Charles A. Csuri: Hand

  • ©1965, Charles A. Csuri





Creation Year:





    119 x 102 cm (47 x 40 in)


Artist Statement:

    The Artwork: A Recording of Decisions Taken

    What is evident and easy for any artist–to draw a smooth line or a three-dimensional opaque origami swallow, showing only those contours perceptible to the observer and hiding the others–is very difficult to realize if you have to atomize those processes into single steps and instruct a computer digit per digit. As Friedrich Nietzsche claimed, we can understand only a universe that we have constructed completely ourselves. Early developers in computer graphics learned slowly to understand the universe of human visual production and perception, at least a small part of it.
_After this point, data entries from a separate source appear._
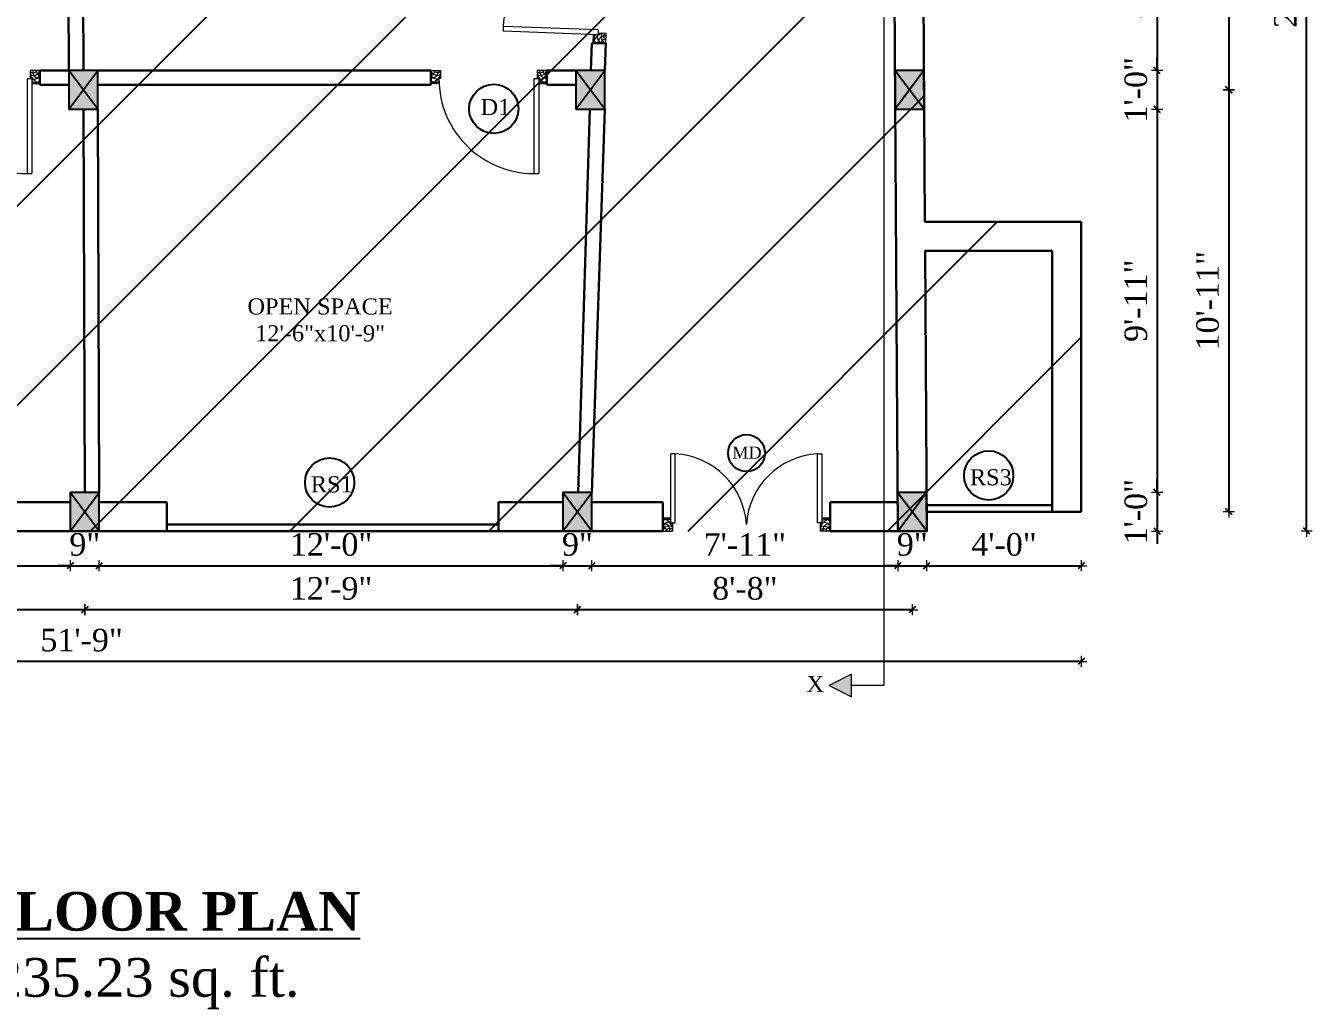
# Model space of a CAD drawing. Header units: inches. Extents: x 4069 to 291496, y -47643 to 12535.
# Drawn here: x 101248.4 to 101648, y 2369.8 to 2675.2 of the extents above; entities that cross this region are included whole.
import ezdxf

# ---------------------------------------------------------------- set-up
doc = ezdxf.new("R2010")
doc.units = ezdxf.units.IN
doc.header["$LTSCALE"] = 5
doc.header["$MEASUREMENT"] = 0
for name, color, linetype, lineweight in [('A-WALL', 7, 'Continuous', 9), ('Dimension', 7, 'Continuous', 18), ('DOOR', 62, 'Continuous', 0)]:
    doc.layers.add(name, color=color, linetype=linetype, lineweight=lineweight)
doc.layers.add('dim line', color=7, linetype='Continuous', lineweight=15, true_color=0xfab2b2)
doc.layers.add('TEXT', color=6, linetype='Continuous')
doc.layers.add('WALL', color=7, linetype='Continuous')
doc.styles.add('ordinary', font='times.ttf')
doc.dimstyles.new('Copy of 96', dxfattribs={"dimtxt": 7, "dimasz": 4, "dimexe": 0.5, "dimexo": 0.5, "dimgap": 3, "dimtad": 1, "dimdec": 1, "dimzin": 11, "dimdsep": 46, "dimlunit": 4, "dimtxsty": 'ordinary', "dimblk": 'OBLIQUE', "dimcen": 0.09, "dimse1": 1, "dimse2": 1, "dimclrt": 6, "dimazin": 0, "dimtfac": 1, "dimtdec": 1, "dimtix": 1, "dimtmove": 2, "dimatfit": 3, "dimldrblk": 'leader', "dimfxl": 0.5, "dimfxlon": 1, "dimtolj": 1, "dimtzin": 0, "dimarcsym": 0})

# ---------------------------------------------------------------- blocks, each defined once
blk = doc.blocks.new('C1a')
at = {"color": 1, "ltscale": 5}
for p, q in [((18657.75, 4625.76), (18648.75, 4625.76)), ((18648.75, 4625.76), (18648.82, 4613.76)), ((18657.82, 4613.76), (18657.75, 4625.76)), ((18648.82, 4613.76), (18657.82, 4613.76))]:
    blk.add_line(p, q, dxfattribs=at)
blk = doc.blocks.new('A$C27B36B59')
at = {"layer": 'DOOR'}
for p, q in [((0, 4), (0, 0)), ((2.5, 4), (0, 4)), ((2.5, 2.5), (2.5, 4)), ((0, 0), (3, 0)), ((3, 2.5), (2.5, 2.5)), ((3, 0), (3, 2.5))]:
    blk.add_line(p, q, dxfattribs=at)
for centre, radius, start, end in [((-1.4, -0.54), 4.75, 22.1411, 72.838), ((1.34, 2.09), 1.64, 45.138, 144.8948), ((2.21, 0.3), 2.49, 83.3149, 152.658), ((0.13, 0.37), 2.05, 349.4875, 93.6805), ((1.96, -0.47), 2.01, 58.7447, 166.495), ((-0.06, 0.32), 1.13, 343.542, 86.947), ((2.08, -0.4), 1.17, 38.2816, 160.1519)]:
    blk.add_arc(centre, radius, start, end, dxfattribs=at)
blk = doc.blocks.new('D2')
at = {"layer": 'DOOR'}
for p, q in [((74473.95, 24047.59), (74473.95, 24018.09)), ((74473.95, 24047.59), (74475.45, 24047.59)), ((74475.45, 24047.59), (74475.45, 24018.13))]:
    blk.add_line(p, q, dxfattribs=at)
blk.add_arc((74473.95, 24047.59), 29.5, 180, 272.9146, dxfattribs=at)
at = {"layer": 'DOOR', "xscale": -1, "rotation": 180}
blk.add_blockref('A$C27B36B59', (74441.95, 24050.09), dxfattribs=at)
at = {"layer": 'DOOR', "rotation": 180}
blk.add_blockref('A$C27B36B59', (74477.95, 24050.09), dxfattribs=at)
blk = doc.blocks.new('x-x')
at = {"ltscale": 5}
for points in [[(11364.03, -701.52), (11364.03, -694.51), (11357.15, -698.09)], [(11364.03, -1135.52), (11364.03, -1128.51), (11357.15, -1132.09)]]:
    blk.add_hatch(color=256, dxfattribs=at).paths.add_polyline_path(points)
for p, q in [((11364.03, -694.51), (11357.15, -698.09)), ((11364.03, -701.52), (11364.03, -694.51)), ((11357.15, -698.09), (11364.03, -701.52)), ((11374.13, -698.09), (11364.03, -698.09)), ((11374.13, -698.09), (11374.13, -1132.09)), ((11364.03, -1128.51), (11357.15, -1132.09)), ((11364.03, -1135.52), (11364.03, -1128.51)), ((11357.15, -1132.09), (11364.03, -1135.52)), ((11374.13, -1132.09), (11364.03, -1132.09))]:
    blk.add_line(p, q, dxfattribs=at)
at = {"layer": 'A-WALL', "color": 1, "ltscale": 5}
blk.add_line((11374.13, -1120.09), (11374.13, -1132.09), dxfattribs=at)
at = {"layer": 'TEXT', "style": 'ordinary'}
for p in [(11350.08, -700.97), (11350.08, -1134.1)]:
    blk.add_text('X', height=5, dxfattribs=at).set_placement(p)
blk = doc.blocks.new('oblique')
at = {"color": 0, "lineweight": -2}
blk.add_line((0.25, 0.25), (-0.25, -0.25), dxfattribs=at)
at = {"layer": 'dim line', "lineweight": 9}
for p, q in [((-0.4375, 0), (0.4375, 0)), ((0, 0.4375), (0, -0.4375))]:
    blk.add_line(p, q, dxfattribs=at)
blk = doc.blocks.new('*D2654')
at = {"layer": 'A-WALL', "color": 0, "lineweight": -2, "ltscale": 50, "transparency": 16777216}
blk.add_line((101523.76, 2493.88), (101419.76, 2493.88), dxfattribs=at)
at = {"layer": 'Defpoints', "color": 0, "ltscale": 50, "transparency": 16777216}
for p in [(101419.76, 2518.3), (101523.76, 2518.3), (101419.76, 2493.88)]:
    blk.add_point(p, dxfattribs=at)
at = {"layer": 'A-WALL', "color": 0, "lineweight": -2, "ltscale": 50, "transparency": 16777216, "xscale": 4, "yscale": 4, "zscale": 4, "rotation": 180.0000000000005}
blk.add_blockref('oblique', (101419.76, 2493.88), dxfattribs=at)
at = {"layer": 'A-WALL', "color": 0, "lineweight": -2, "ltscale": 50, "transparency": 16777216, "xscale": 4, "yscale": 4, "zscale": 4}
blk.add_blockref('oblique', (101523.76, 2493.88), dxfattribs=at)
at = {"layer": 'A-WALL', "color": 6, "ltscale": 50, "transparency": 16777216, "insert": (101471.76, 2500.44), "char_height": 7, "attachment_point": 5, "style": 'ordinary'}
blk.add_mtext('\\A1;8\'-8"', dxfattribs=at)
blk = doc.blocks.new('_OBLIQUE')
at = {"color": 0, "linetype": 'ByBlock'}
blk.add_line((-0.5, -0.5), (0.5, 0.5), dxfattribs=at)
blk = doc.blocks.new('leader')
at = {"layer": 'Dimension'}
for p, q in [((0, -4.328), (0, 4.328)), ((-4.424, 0), (4.424, 0))]:
    blk.add_line(p, q, dxfattribs=at)
blk = doc.blocks.new('*D2655')
at = {"layer": 'A-WALL', "color": 0, "lineweight": -2, "ltscale": 50, "transparency": 16777216}
blk.add_line((101419.76, 2493.88), (101266.76, 2493.88), dxfattribs=at)
at = {"layer": 'Defpoints', "color": 0, "ltscale": 50, "transparency": 16777216}
for p in [(101266.76, 2518.3), (101419.76, 2518.3), (101266.76, 2493.88)]:
    blk.add_point(p, dxfattribs=at)
at = {"layer": 'A-WALL', "color": 0, "lineweight": -2, "ltscale": 50, "transparency": 16777216, "xscale": 4, "yscale": 4, "zscale": 4, "rotation": 180}
blk.add_blockref('oblique', (101266.76, 2493.88), dxfattribs=at)
at = {"layer": 'A-WALL', "color": 0, "lineweight": -2, "ltscale": 50, "transparency": 16777216, "xscale": 4, "yscale": 4, "zscale": 4}
blk.add_blockref('oblique', (101419.76, 2493.88), dxfattribs=at)
at = {"layer": 'A-WALL', "color": 6, "ltscale": 50, "transparency": 16777216, "insert": (101343.26, 2500.45), "char_height": 7, "attachment_point": 5, "style": 'ordinary'}
blk.add_mtext('\\A1;12\'-9"', dxfattribs=at)
blk = doc.blocks.new('*D2656')
at = {"layer": 'A-WALL', "color": 0, "lineweight": -2, "ltscale": 50, "transparency": 16777216}
blk.add_line((101266.76, 2493.88), (101116.76, 2493.88), dxfattribs=at)
at = {"layer": 'Defpoints', "color": 0, "ltscale": 50, "transparency": 16777216}
for p in [(101116.76, 2518.3), (101266.76, 2518.3), (101116.76, 2493.88)]:
    blk.add_point(p, dxfattribs=at)
at = {"layer": 'A-WALL', "color": 0, "lineweight": -2, "ltscale": 50, "transparency": 16777216, "xscale": 4, "yscale": 4, "zscale": 4, "rotation": 180}
blk.add_blockref('oblique', (101116.76, 2493.88), dxfattribs=at)
at = {"layer": 'A-WALL', "color": 0, "lineweight": -2, "ltscale": 50, "transparency": 16777216, "xscale": 4, "yscale": 4, "zscale": 4}
blk.add_blockref('oblique', (101266.76, 2493.88), dxfattribs=at)
at = {"layer": 'A-WALL', "color": 6, "ltscale": 50, "transparency": 16777216, "insert": (101191.76, 2500.44), "char_height": 7, "attachment_point": 5, "style": 'ordinary'}
blk.add_mtext('\\A1;12\'-6"', dxfattribs=at)
blk = doc.blocks.new('*D2643')
at = {"layer": 'A-WALL', "color": 0, "lineweight": -2, "ltscale": 50, "transparency": 16777216}
blk.add_line((101576.26, 2477.83), (100955.26, 2477.83), dxfattribs=at)
at = {"layer": 'Defpoints', "color": 0, "ltscale": 50, "transparency": 16777216}
for p in [(101576.26, 2527.48), (100955.26, 2521.48), (100955.26, 2477.83)]:
    blk.add_point(p, dxfattribs=at)
at = {"layer": 'A-WALL', "color": 0, "lineweight": -2, "ltscale": 50, "transparency": 16777216, "xscale": 4, "yscale": 4, "zscale": 4, "rotation": 180}
blk.add_blockref('oblique', (100955.26, 2477.83), dxfattribs=at)
at = {"layer": 'A-WALL', "color": 0, "lineweight": -2, "ltscale": 50, "transparency": 16777216, "xscale": 4, "yscale": 4, "zscale": 4}
blk.add_blockref('oblique', (101576.26, 2477.83), dxfattribs=at)
at = {"layer": 'A-WALL', "color": 6, "ltscale": 50, "transparency": 16777216, "insert": (101265.76, 2484.4), "char_height": 7, "attachment_point": 5, "style": 'ordinary'}
blk.add_mtext('\\A1;51\'-9"', dxfattribs=at)
blk = doc.blocks.new('*D2649')
at = {"layer": 'A-WALL', "color": 0, "lineweight": -2, "ltscale": 50, "transparency": 16777216}
blk.add_line((101121.26, 2507.54), (101262.26, 2507.54), dxfattribs=at)
at = {"layer": 'Defpoints', "color": 0, "ltscale": 50, "transparency": 16777216}
for p in [(101121.26, 2518.3), (101262.26, 2518.3), (101262.26, 2507.54)]:
    blk.add_point(p, dxfattribs=at)
at = {"layer": 'A-WALL', "color": 0, "lineweight": -2, "ltscale": 50, "transparency": 16777216, "xscale": 4, "yscale": 4, "zscale": 4, "rotation": 180}
blk.add_blockref('oblique', (101121.26, 2507.54), dxfattribs=at)
at = {"layer": 'A-WALL', "color": 0, "lineweight": -2, "ltscale": 50, "transparency": 16777216, "xscale": 4, "yscale": 4, "zscale": 4}
blk.add_blockref('oblique', (101262.26, 2507.54), dxfattribs=at)
at = {"layer": 'A-WALL', "color": 6, "ltscale": 50, "transparency": 16777216, "insert": (101191.76, 2514.11), "char_height": 7, "attachment_point": 5, "style": 'ordinary'}
blk.add_mtext('\\A1;11\'-9"', dxfattribs=at)
blk = doc.blocks.new('*D2650')
at = {"layer": 'A-WALL', "color": 0, "lineweight": -2, "ltscale": 50, "transparency": 16777216}
for p, q in [((101262.26, 2507.54), (101258.26, 2507.54)), ((101262.26, 2507.54), (101271.26, 2507.54)), ((101271.26, 2507.54), (101275.26, 2507.54))]:
    blk.add_line(p, q, dxfattribs=at)
at = {"layer": 'Defpoints', "color": 0, "ltscale": 50, "transparency": 16777216}
for p in [(101262.26, 2518.3), (101271.26, 2518.3), (101271.26, 2507.54)]:
    blk.add_point(p, dxfattribs=at)
at = {"layer": 'A-WALL', "color": 0, "lineweight": -2, "ltscale": 50, "transparency": 16777216, "xscale": 4, "yscale": 4, "zscale": 4}
blk.add_blockref('oblique', (101262.26, 2507.54), dxfattribs=at)
at = {"layer": 'A-WALL', "color": 0, "lineweight": -2, "ltscale": 50, "transparency": 16777216, "xscale": 4, "yscale": 4, "zscale": 4, "rotation": 180}
blk.add_blockref('oblique', (101271.26, 2507.54), dxfattribs=at)
at = {"layer": 'A-WALL', "color": 6, "ltscale": 50, "transparency": 16777216, "insert": (101266.76, 2514.11), "char_height": 7, "attachment_point": 5, "style": 'ordinary'}
blk.add_mtext('\\A1;9"', dxfattribs=at)
blk = doc.blocks.new('*D2651')
at = {"layer": 'A-WALL', "color": 0, "lineweight": -2, "ltscale": 50, "transparency": 16777216}
blk.add_line((101271.26, 2507.54), (101415.26, 2507.54), dxfattribs=at)
at = {"layer": 'Defpoints', "color": 0, "ltscale": 50, "transparency": 16777216}
for p in [(101271.26, 2518.3), (101415.26, 2518.3), (101415.26, 2507.54)]:
    blk.add_point(p, dxfattribs=at)
at = {"layer": 'A-WALL', "color": 0, "lineweight": -2, "ltscale": 50, "transparency": 16777216, "xscale": 4, "yscale": 4, "zscale": 4, "rotation": 180}
blk.add_blockref('oblique', (101271.26, 2507.54), dxfattribs=at)
at = {"layer": 'A-WALL', "color": 0, "lineweight": -2, "ltscale": 50, "transparency": 16777216, "xscale": 4, "yscale": 4, "zscale": 4}
blk.add_blockref('oblique', (101415.26, 2507.54), dxfattribs=at)
at = {"layer": 'A-WALL', "color": 6, "ltscale": 50, "transparency": 16777216, "insert": (101343.26, 2514.1), "char_height": 7, "attachment_point": 5, "style": 'ordinary'}
blk.add_mtext('\\A1;12\'-0"', dxfattribs=at)
blk = doc.blocks.new('*D2652')
at = {"layer": 'A-WALL', "color": 0, "lineweight": -2, "ltscale": 50, "transparency": 16777216}
for p, q in [((101415.26, 2507.54), (101411.26, 2507.54)), ((101415.26, 2507.54), (101424.26, 2507.54)), ((101424.26, 2507.54), (101428.26, 2507.54))]:
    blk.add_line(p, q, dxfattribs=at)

    Charles Csuri took up this task systematically and enhanced the computer as an artistic tool, first working with an IBM 1130, then with a PDP 11/ 45. Constructing a tool presupposes the analysis of the production process. Csuri, the artist, was prepared. He followed up an aesthetic interest rooted in his study with impressionist painters John Hopkins and Hoyt Sherman, who taught him to understand Monet, Cezanne, Braque, and Picasso–an interest in the structure of artworks and the decision­procedures involved in their production. Since the 1960s, Csuri studied the relationship between idea, decision, and physical production, as well as the effects of the art object on the observer. By 1961, he had developed a form of conceptual word poems, anticipating methods of conceptual art that emerged only a few years later. Csuri’s methods allowed him to replace a painting with its verbal description. “The notion of nonvisual cues, such as words, as the art object was of interest to me,” Csuri remembers. Hand, a later example of this series from 1965, offers the observer only the verbal description of a hand, challenging the different modes of information communicable by image and words:

    Here is a hand–
    a hand of a thin, ninety nine
    year old man. The skin is
    pinkish in color and the network
    of veins are clear. The movements
    of his fingers and thumb
    are slow and stiff and one can
    almost hear the crackling of
    joints. His hand is rough in
    texture and feels warm.

    Csuri used words to define an image in the mind of the ob­server. As a programmer, he would use numbers to define images drawn with electrons on the screen of a cathode-ray tube. Words and numbers stepped into the mimetic, painterly depiction of the world.